▶ INSTRUCTIONS FOR THE TASK: Make an exact copy of the records that follow, with each picture omitted.

▶ SUPPLIED DATA:
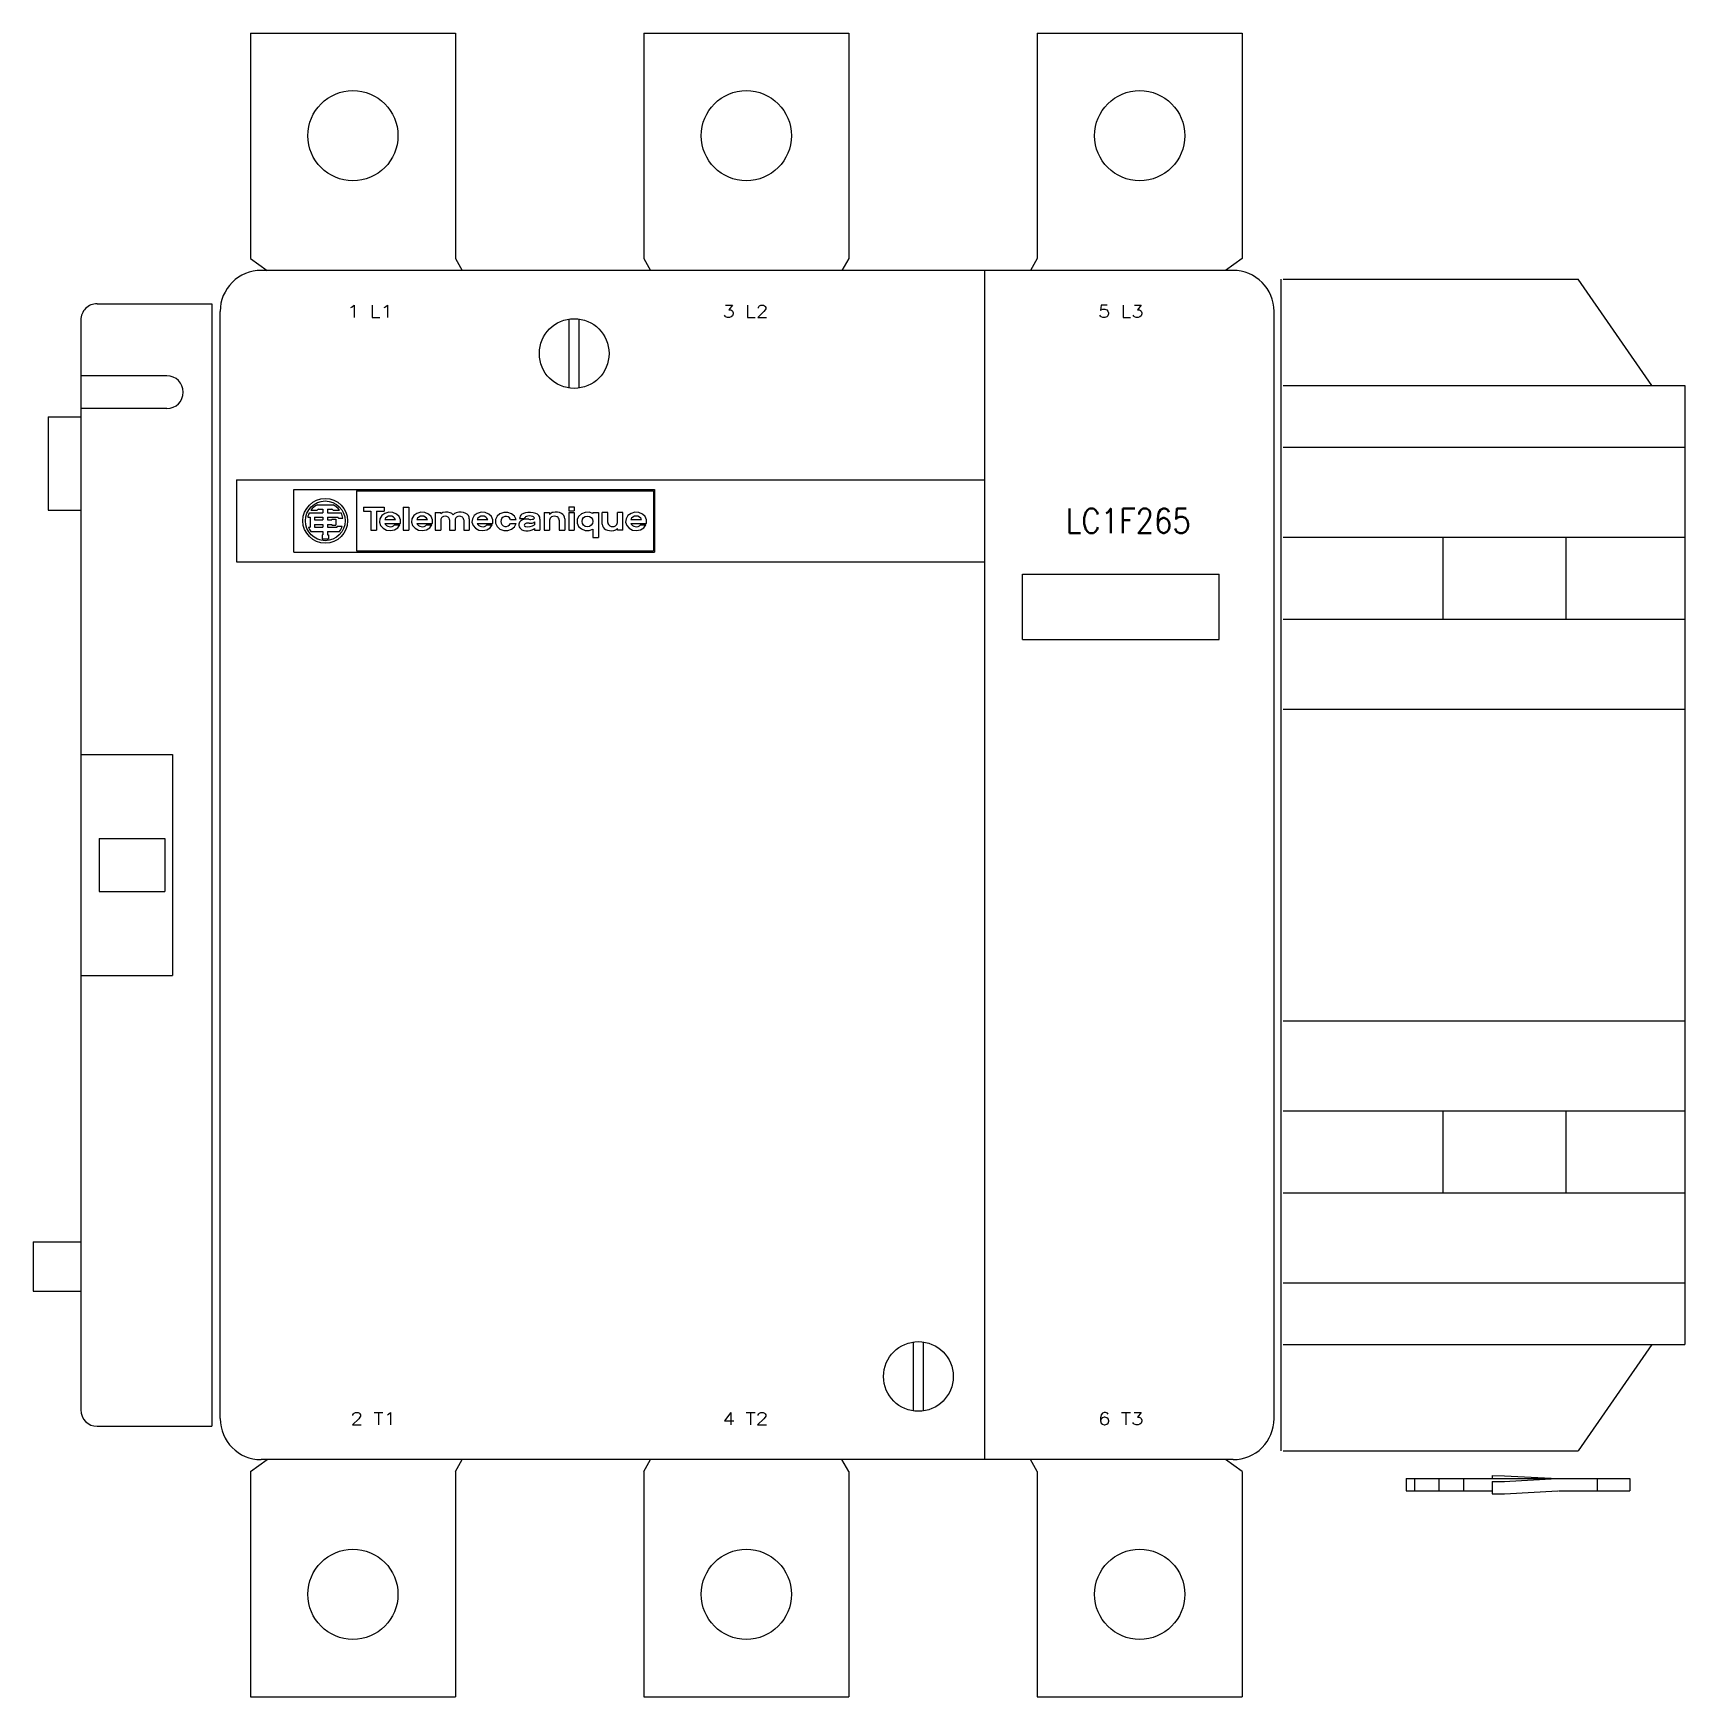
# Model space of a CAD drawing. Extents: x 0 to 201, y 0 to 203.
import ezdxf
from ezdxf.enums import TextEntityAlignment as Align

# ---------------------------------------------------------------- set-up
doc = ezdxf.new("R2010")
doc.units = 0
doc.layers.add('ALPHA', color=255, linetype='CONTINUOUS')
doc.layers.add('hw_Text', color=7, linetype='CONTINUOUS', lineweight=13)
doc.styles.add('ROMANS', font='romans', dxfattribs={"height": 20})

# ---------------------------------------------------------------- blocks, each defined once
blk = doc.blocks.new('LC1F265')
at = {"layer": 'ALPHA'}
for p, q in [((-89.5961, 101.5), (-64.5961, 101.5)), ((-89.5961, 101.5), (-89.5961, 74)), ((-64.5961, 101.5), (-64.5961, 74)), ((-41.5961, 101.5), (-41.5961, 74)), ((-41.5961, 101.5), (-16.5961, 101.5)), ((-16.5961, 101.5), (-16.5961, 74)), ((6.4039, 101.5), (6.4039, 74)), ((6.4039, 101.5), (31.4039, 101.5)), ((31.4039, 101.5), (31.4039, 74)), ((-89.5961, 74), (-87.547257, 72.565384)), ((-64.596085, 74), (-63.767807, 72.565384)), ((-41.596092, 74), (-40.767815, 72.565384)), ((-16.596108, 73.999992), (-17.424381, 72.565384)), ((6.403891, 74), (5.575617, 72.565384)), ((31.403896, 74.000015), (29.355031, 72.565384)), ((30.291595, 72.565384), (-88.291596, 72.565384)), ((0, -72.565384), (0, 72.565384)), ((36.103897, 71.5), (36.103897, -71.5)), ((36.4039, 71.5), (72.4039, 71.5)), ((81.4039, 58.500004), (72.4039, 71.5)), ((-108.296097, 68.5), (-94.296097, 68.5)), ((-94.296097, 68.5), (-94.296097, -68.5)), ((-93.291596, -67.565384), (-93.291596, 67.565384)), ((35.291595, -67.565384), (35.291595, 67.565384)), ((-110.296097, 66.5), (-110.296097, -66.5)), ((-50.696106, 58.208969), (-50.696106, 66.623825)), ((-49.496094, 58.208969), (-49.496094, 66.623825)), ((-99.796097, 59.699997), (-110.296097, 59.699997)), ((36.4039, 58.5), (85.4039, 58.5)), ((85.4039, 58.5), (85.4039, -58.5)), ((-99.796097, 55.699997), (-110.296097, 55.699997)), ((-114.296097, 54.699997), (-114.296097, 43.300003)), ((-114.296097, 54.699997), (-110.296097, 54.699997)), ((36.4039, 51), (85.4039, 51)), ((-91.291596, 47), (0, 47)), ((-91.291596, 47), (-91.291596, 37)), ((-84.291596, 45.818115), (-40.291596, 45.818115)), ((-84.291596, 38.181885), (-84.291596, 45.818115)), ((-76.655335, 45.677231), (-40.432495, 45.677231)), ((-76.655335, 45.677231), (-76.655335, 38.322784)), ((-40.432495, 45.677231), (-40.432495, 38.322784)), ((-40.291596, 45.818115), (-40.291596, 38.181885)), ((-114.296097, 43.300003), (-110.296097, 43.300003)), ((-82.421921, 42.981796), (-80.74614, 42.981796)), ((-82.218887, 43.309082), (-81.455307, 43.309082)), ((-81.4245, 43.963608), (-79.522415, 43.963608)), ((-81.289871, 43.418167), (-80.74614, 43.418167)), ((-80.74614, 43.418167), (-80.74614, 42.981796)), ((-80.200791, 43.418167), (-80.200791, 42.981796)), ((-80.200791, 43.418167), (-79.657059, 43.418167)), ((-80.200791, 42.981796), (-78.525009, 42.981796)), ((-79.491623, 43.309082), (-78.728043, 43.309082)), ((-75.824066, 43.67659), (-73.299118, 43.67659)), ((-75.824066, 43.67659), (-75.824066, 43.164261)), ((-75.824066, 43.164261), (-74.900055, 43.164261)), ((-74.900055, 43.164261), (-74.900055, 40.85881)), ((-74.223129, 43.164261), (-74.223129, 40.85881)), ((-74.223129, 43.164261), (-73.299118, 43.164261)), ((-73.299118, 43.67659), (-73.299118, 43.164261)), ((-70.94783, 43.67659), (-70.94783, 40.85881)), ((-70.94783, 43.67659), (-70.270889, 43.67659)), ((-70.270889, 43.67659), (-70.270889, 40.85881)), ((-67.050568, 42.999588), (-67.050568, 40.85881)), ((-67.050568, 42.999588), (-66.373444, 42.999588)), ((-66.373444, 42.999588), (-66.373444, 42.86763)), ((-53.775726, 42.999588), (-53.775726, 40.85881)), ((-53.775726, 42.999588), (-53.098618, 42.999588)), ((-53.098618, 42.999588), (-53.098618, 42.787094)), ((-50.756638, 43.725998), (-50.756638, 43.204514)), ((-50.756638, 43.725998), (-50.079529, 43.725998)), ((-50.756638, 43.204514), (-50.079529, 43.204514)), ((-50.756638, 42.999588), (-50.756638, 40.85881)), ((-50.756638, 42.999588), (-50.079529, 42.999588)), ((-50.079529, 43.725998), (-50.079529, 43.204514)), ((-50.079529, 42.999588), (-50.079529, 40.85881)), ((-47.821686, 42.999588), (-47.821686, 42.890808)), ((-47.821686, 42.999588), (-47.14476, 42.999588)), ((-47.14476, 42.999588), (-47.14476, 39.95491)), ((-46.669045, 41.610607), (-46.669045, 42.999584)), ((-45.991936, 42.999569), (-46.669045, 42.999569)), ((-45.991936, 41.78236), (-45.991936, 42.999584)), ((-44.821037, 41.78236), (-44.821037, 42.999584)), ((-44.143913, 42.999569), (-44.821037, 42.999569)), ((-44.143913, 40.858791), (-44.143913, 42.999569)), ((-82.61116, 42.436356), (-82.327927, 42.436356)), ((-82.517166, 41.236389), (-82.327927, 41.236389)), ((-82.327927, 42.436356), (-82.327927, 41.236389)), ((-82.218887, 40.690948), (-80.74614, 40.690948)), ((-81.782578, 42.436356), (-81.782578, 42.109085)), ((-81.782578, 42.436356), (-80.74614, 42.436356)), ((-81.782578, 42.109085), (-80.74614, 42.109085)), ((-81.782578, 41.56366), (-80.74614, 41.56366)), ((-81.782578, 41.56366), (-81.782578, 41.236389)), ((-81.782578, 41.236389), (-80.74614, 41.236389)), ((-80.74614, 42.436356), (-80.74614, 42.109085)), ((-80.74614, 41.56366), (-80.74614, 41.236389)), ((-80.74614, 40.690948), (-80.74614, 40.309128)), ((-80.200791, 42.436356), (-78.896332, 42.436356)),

▶ EXERCISE OUTPUT:
# Model space of a CAD drawing. Extents: x 0 to 201, y 0 to 203.
import ezdxf
from ezdxf.enums import TextEntityAlignment as Align

# ---------------------------------------------------------------- set-up
doc = ezdxf.new("R2010")
doc.units = 0
doc.layers.add('ALPHA', color=255, linetype='CONTINUOUS')
doc.layers.add('hw_Text', color=7, linetype='CONTINUOUS', lineweight=13)
doc.styles.add('ROMANS', font='romans', dxfattribs={"height": 20})

# ---------------------------------------------------------------- blocks, each defined once
blk = doc.blocks.new('LC1F265')
at = {"layer": 'ALPHA'}
for p, q in [((-89.5961, 101.5), (-64.5961, 101.5)), ((-89.5961, 101.5), (-89.5961, 74)), ((-64.5961, 101.5), (-64.5961, 74)), ((-41.5961, 101.5), (-41.5961, 74)), ((-41.5961, 101.5), (-16.5961, 101.5)), ((-16.5961, 101.5), (-16.5961, 74)), ((6.4039, 101.5), (6.4039, 74)), ((6.4039, 101.5), (31.4039, 101.5)), ((31.4039, 101.5), (31.4039, 74)), ((-89.5961, 74), (-87.547257, 72.565384)), ((-64.596085, 74), (-63.767807, 72.565384)), ((-41.596092, 74), (-40.767815, 72.565384)), ((-16.596108, 73.999992), (-17.424381, 72.565384)), ((6.403891, 74), (5.575617, 72.565384)), ((31.403896, 74.000015), (29.355031, 72.565384)), ((30.291595, 72.565384), (-88.291596, 72.565384)), ((0, -72.565384), (0, 72.565384)), ((36.103897, 71.5), (36.103897, -71.5)), ((36.4039, 71.5), (72.4039, 71.5)), ((81.4039, 58.500004), (72.4039, 71.5)), ((-108.296097, 68.5), (-94.296097, 68.5)), ((-94.296097, 68.5), (-94.296097, -68.5)), ((-93.291596, -67.565384), (-93.291596, 67.565384)), ((35.291595, -67.565384), (35.291595, 67.565384)), ((-110.296097, 66.5), (-110.296097, -66.5)), ((-50.696106, 58.208969), (-50.696106, 66.623825)), ((-49.496094, 58.208969), (-49.496094, 66.623825)), ((-99.796097, 59.699997), (-110.296097, 59.699997)), ((36.4039, 58.5), (85.4039, 58.5)), ((85.4039, 58.5), (85.4039, -58.5)), ((-99.796097, 55.699997), (-110.296097, 55.699997)), ((-114.296097, 54.699997), (-114.296097, 43.300003)), ((-114.296097, 54.699997), (-110.296097, 54.699997)), ((36.4039, 51), (85.4039, 51)), ((-91.291596, 47), (0, 47)), ((-91.291596, 47), (-91.291596, 37)), ((-84.291596, 45.818115), (-40.291596, 45.818115)), ((-84.291596, 38.181885), (-84.291596, 45.818115)), ((-76.655335, 45.677231), (-40.432495, 45.677231)), ((-76.655335, 45.677231), (-76.655335, 38.322784)), ((-40.432495, 45.677231), (-40.432495, 38.322784)), ((-40.291596, 45.818115), (-40.291596, 38.181885)), ((-114.296097, 43.300003), (-110.296097, 43.300003)), ((-82.421921, 42.981796), (-80.74614, 42.981796)), ((-82.218887, 43.309082), (-81.455307, 43.309082)), ((-81.4245, 43.963608), (-79.522415, 43.963608)), ((-81.289871, 43.418167), (-80.74614, 43.418167)), ((-80.74614, 43.418167), (-80.74614, 42.981796)), ((-80.200791, 43.418167), (-80.200791, 42.981796)), ((-80.200791, 43.418167), (-79.657059, 43.418167)), ((-80.200791, 42.981796), (-78.525009, 42.981796)), ((-79.491623, 43.309082), (-78.728043, 43.309082)), ((-75.824066, 43.67659), (-73.299118, 43.67659)), ((-75.824066, 43.67659), (-75.824066, 43.164261)), ((-75.824066, 43.164261), (-74.900055, 43.164261)), ((-74.900055, 43.164261), (-74.900055, 40.85881)), ((-74.223129, 43.164261), (-74.223129, 40.85881)), ((-74.223129, 43.164261), (-73.299118, 43.164261)), ((-73.299118, 43.67659), (-73.299118, 43.164261)), ((-70.94783, 43.67659), (-70.94783, 40.85881)), ((-70.94783, 43.67659), (-70.270889, 43.67659)), ((-70.270889, 43.67659), (-70.270889, 40.85881)), ((-67.050568, 42.999588), (-67.050568, 40.85881)), ((-67.050568, 42.999588), (-66.373444, 42.999588)), ((-66.373444, 42.999588), (-66.373444, 42.86763)), ((-53.775726, 42.999588), (-53.775726, 40.85881)), ((-53.775726, 42.999588), (-53.098618, 42.999588)), ((-53.098618, 42.999588), (-53.098618, 42.787094)), ((-50.756638, 43.725998), (-50.756638, 43.204514)), ((-50.756638, 43.725998), (-50.079529, 43.725998)), ((-50.756638, 43.204514), (-50.079529, 43.204514)), ((-50.756638, 42.999588), (-50.756638, 40.85881)), ((-50.756638, 42.999588), (-50.079529, 42.999588)), ((-50.079529, 43.725998), (-50.079529, 43.204514)), ((-50.079529, 42.999588), (-50.079529, 40.85881)), ((-47.821686, 42.999588), (-47.821686, 42.890808)), ((-47.821686, 42.999588), (-47.14476, 42.999588)), ((-47.14476, 42.999588), (-47.14476, 39.95491)), ((-46.669045, 41.610607), (-46.669045, 42.999584)), ((-45.991936, 42.999569), (-46.669045, 42.999569)), ((-45.991936, 41.78236), (-45.991936, 42.999584)), ((-44.821037, 41.78236), (-44.821037, 42.999584)), ((-44.143913, 42.999569), (-44.821037, 42.999569)), ((-44.143913, 40.858791), (-44.143913, 42.999569)), ((-82.61116, 42.436356), (-82.327927, 42.436356)), ((-82.517166, 41.236389), (-82.327927, 41.236389)), ((-82.327927, 42.436356), (-82.327927, 41.236389)), ((-82.218887, 40.690948), (-80.74614, 40.690948)), ((-81.782578, 42.436356), (-81.782578, 42.109085)), ((-81.782578, 42.436356), (-80.74614, 42.436356)), ((-81.782578, 42.109085), (-80.74614, 42.109085)), ((-81.782578, 41.56366), (-80.74614, 41.56366)), ((-81.782578, 41.56366), (-81.782578, 41.236389)), ((-81.782578, 41.236389), (-80.74614, 41.236389)), ((-80.74614, 42.436356), (-80.74614, 42.109085)), ((-80.74614, 41.56366), (-80.74614, 41.236389)), ((-80.74614, 40.690948), (-80.74614, 40.309128)), ((-80.200791, 42.436356), (-78.896332, 42.436356)),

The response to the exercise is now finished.